Data supplied:
*** Begin section ***
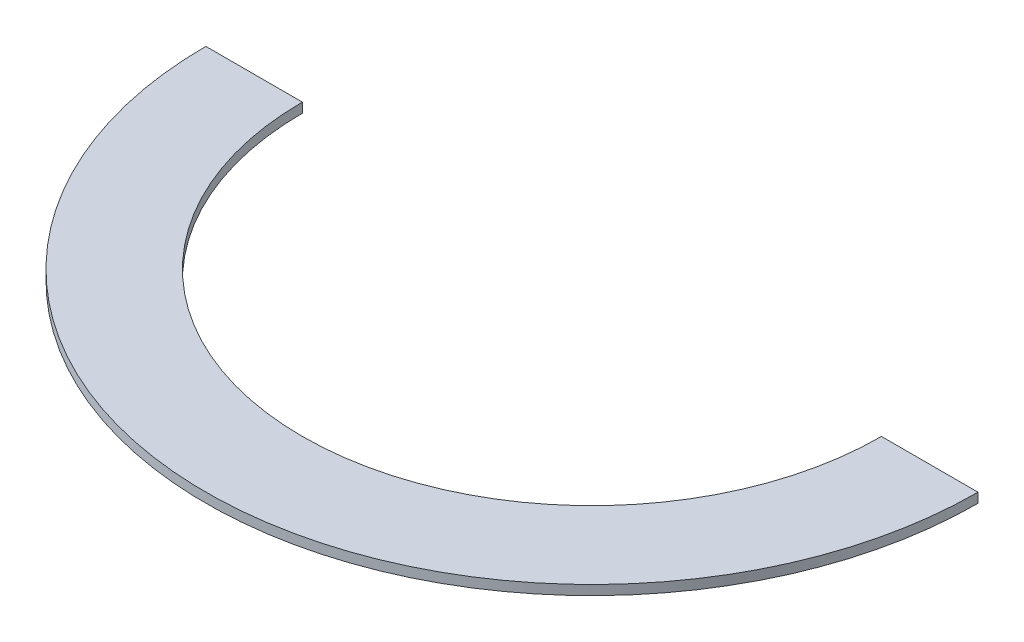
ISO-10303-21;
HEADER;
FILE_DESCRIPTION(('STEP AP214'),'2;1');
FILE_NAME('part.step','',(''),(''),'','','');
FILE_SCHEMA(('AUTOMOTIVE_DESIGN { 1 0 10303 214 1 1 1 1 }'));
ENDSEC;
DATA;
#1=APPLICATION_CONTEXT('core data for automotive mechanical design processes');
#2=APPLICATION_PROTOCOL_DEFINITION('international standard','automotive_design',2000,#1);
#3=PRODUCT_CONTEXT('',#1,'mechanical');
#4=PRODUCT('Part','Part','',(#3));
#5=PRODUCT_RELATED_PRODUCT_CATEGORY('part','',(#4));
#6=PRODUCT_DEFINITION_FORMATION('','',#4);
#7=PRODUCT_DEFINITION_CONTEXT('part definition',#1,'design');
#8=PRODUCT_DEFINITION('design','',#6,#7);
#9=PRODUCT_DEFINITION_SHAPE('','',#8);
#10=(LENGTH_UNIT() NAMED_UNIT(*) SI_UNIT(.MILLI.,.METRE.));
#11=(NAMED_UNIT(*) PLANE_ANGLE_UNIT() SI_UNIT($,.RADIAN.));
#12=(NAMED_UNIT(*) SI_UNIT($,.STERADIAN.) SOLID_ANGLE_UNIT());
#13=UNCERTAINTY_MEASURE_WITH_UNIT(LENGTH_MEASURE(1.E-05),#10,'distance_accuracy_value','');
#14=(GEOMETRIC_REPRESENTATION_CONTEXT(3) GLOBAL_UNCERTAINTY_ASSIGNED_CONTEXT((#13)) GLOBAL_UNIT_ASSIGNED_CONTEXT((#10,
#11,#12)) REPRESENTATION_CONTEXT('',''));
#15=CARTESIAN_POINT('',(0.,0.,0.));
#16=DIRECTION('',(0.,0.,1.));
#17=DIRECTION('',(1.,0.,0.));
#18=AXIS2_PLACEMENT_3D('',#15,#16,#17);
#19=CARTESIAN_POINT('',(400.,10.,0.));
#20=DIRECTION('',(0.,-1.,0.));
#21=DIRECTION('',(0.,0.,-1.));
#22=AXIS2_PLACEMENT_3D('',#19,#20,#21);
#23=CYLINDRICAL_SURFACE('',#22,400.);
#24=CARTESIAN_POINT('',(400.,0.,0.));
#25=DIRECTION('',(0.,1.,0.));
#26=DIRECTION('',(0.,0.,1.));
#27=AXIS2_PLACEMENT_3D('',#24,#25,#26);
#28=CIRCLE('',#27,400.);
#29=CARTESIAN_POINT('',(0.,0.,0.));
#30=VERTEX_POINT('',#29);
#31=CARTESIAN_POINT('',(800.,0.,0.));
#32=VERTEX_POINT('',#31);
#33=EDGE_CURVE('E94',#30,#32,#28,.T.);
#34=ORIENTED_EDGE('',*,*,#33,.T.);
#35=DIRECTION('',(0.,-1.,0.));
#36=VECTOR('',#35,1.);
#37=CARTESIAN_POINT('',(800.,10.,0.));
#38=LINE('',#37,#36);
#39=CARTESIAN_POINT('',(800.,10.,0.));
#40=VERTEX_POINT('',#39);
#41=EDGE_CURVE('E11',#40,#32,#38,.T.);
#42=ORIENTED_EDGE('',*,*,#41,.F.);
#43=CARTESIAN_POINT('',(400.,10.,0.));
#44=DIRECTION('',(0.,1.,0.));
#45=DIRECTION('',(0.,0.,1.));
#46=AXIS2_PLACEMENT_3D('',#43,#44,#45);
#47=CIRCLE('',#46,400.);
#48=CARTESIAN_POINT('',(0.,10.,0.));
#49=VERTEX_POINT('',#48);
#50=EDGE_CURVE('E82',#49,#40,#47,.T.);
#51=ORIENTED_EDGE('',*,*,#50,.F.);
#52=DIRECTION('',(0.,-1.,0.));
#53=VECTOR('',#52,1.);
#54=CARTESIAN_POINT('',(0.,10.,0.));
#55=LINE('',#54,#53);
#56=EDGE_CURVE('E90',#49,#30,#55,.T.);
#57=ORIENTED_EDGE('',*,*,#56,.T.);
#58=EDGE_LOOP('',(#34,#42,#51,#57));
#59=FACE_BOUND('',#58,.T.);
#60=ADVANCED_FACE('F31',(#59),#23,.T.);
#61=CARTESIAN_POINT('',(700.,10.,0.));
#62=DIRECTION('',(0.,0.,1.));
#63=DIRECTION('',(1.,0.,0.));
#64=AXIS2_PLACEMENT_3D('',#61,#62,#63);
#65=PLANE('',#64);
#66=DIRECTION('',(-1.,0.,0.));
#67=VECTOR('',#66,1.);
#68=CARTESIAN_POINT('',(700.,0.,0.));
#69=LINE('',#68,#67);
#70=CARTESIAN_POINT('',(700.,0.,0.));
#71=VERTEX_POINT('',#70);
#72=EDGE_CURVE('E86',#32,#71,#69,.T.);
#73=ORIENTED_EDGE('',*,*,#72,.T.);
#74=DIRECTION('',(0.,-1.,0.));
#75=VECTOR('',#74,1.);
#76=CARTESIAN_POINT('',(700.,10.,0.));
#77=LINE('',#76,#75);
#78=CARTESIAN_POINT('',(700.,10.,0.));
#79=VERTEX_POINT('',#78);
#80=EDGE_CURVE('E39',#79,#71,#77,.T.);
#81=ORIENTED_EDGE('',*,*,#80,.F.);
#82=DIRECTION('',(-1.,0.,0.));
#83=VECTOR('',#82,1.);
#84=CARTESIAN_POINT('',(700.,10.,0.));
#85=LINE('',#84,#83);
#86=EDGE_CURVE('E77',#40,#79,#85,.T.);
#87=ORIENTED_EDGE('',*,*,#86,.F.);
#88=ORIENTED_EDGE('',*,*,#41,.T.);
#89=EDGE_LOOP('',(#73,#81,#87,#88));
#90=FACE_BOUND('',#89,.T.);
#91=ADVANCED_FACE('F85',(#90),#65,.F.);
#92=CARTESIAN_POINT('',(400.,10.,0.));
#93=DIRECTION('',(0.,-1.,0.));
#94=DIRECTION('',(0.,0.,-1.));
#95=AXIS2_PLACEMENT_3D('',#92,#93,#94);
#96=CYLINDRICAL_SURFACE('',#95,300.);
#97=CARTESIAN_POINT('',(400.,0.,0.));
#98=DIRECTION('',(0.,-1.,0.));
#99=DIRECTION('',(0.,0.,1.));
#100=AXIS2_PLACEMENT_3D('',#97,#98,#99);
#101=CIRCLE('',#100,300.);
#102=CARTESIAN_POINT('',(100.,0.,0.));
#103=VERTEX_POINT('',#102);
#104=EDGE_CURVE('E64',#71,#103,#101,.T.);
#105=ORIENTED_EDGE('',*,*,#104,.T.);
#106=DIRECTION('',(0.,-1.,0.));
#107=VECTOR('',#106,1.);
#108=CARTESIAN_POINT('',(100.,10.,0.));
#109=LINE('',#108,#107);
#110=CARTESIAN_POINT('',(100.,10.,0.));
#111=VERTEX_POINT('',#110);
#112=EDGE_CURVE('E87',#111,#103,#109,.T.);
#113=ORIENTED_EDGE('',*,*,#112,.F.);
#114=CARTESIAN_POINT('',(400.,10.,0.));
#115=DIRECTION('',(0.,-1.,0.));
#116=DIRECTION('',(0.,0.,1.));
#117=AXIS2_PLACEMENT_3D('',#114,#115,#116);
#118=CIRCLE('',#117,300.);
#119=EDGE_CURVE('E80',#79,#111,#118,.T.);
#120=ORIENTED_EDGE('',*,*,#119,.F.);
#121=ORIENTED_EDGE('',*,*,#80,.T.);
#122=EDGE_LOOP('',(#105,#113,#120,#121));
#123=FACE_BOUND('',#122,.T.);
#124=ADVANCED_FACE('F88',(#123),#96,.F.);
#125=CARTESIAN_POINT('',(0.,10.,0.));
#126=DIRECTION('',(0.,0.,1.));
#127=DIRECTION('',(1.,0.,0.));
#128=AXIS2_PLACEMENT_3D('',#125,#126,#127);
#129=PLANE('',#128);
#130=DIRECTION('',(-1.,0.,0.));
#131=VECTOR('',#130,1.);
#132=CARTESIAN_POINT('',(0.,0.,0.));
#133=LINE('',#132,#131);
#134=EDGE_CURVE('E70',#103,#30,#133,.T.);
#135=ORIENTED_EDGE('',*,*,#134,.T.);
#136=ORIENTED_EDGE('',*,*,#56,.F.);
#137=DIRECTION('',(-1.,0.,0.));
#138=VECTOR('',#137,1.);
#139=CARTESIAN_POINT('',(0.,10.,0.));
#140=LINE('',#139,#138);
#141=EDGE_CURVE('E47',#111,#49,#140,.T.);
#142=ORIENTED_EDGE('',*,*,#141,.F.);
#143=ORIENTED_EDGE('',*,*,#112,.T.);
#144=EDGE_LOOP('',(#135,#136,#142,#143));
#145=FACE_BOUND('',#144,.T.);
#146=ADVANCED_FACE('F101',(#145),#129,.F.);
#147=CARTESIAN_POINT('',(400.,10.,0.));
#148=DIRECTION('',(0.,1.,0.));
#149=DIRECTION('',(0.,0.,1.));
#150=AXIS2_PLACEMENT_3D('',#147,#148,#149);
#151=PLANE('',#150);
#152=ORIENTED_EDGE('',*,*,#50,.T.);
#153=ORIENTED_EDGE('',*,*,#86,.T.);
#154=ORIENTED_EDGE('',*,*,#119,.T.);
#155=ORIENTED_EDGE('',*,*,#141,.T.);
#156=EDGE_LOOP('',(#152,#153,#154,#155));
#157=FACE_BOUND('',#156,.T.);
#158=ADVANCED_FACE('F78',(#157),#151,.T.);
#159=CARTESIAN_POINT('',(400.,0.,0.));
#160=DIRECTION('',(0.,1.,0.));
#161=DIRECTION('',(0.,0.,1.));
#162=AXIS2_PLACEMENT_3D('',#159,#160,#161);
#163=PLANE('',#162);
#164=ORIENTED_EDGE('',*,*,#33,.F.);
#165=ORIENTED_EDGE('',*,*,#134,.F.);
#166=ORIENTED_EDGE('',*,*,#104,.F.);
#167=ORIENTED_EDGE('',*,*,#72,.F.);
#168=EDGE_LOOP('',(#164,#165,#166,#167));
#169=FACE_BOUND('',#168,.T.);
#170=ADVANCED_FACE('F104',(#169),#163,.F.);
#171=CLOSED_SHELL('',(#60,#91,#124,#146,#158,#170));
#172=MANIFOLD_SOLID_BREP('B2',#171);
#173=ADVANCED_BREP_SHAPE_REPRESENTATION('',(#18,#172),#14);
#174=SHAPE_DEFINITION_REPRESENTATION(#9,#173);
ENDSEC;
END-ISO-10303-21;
*** End section ***
About this exercise:
Collect the complete line wherever the string "CIRCLE" appears in the records.

Result of this exercise:
#28=CIRCLE('',#27,400.);
#47=CIRCLE('',#46,400.);
#101=CIRCLE('',#100,300.);
#118=CIRCLE('',#117,300.);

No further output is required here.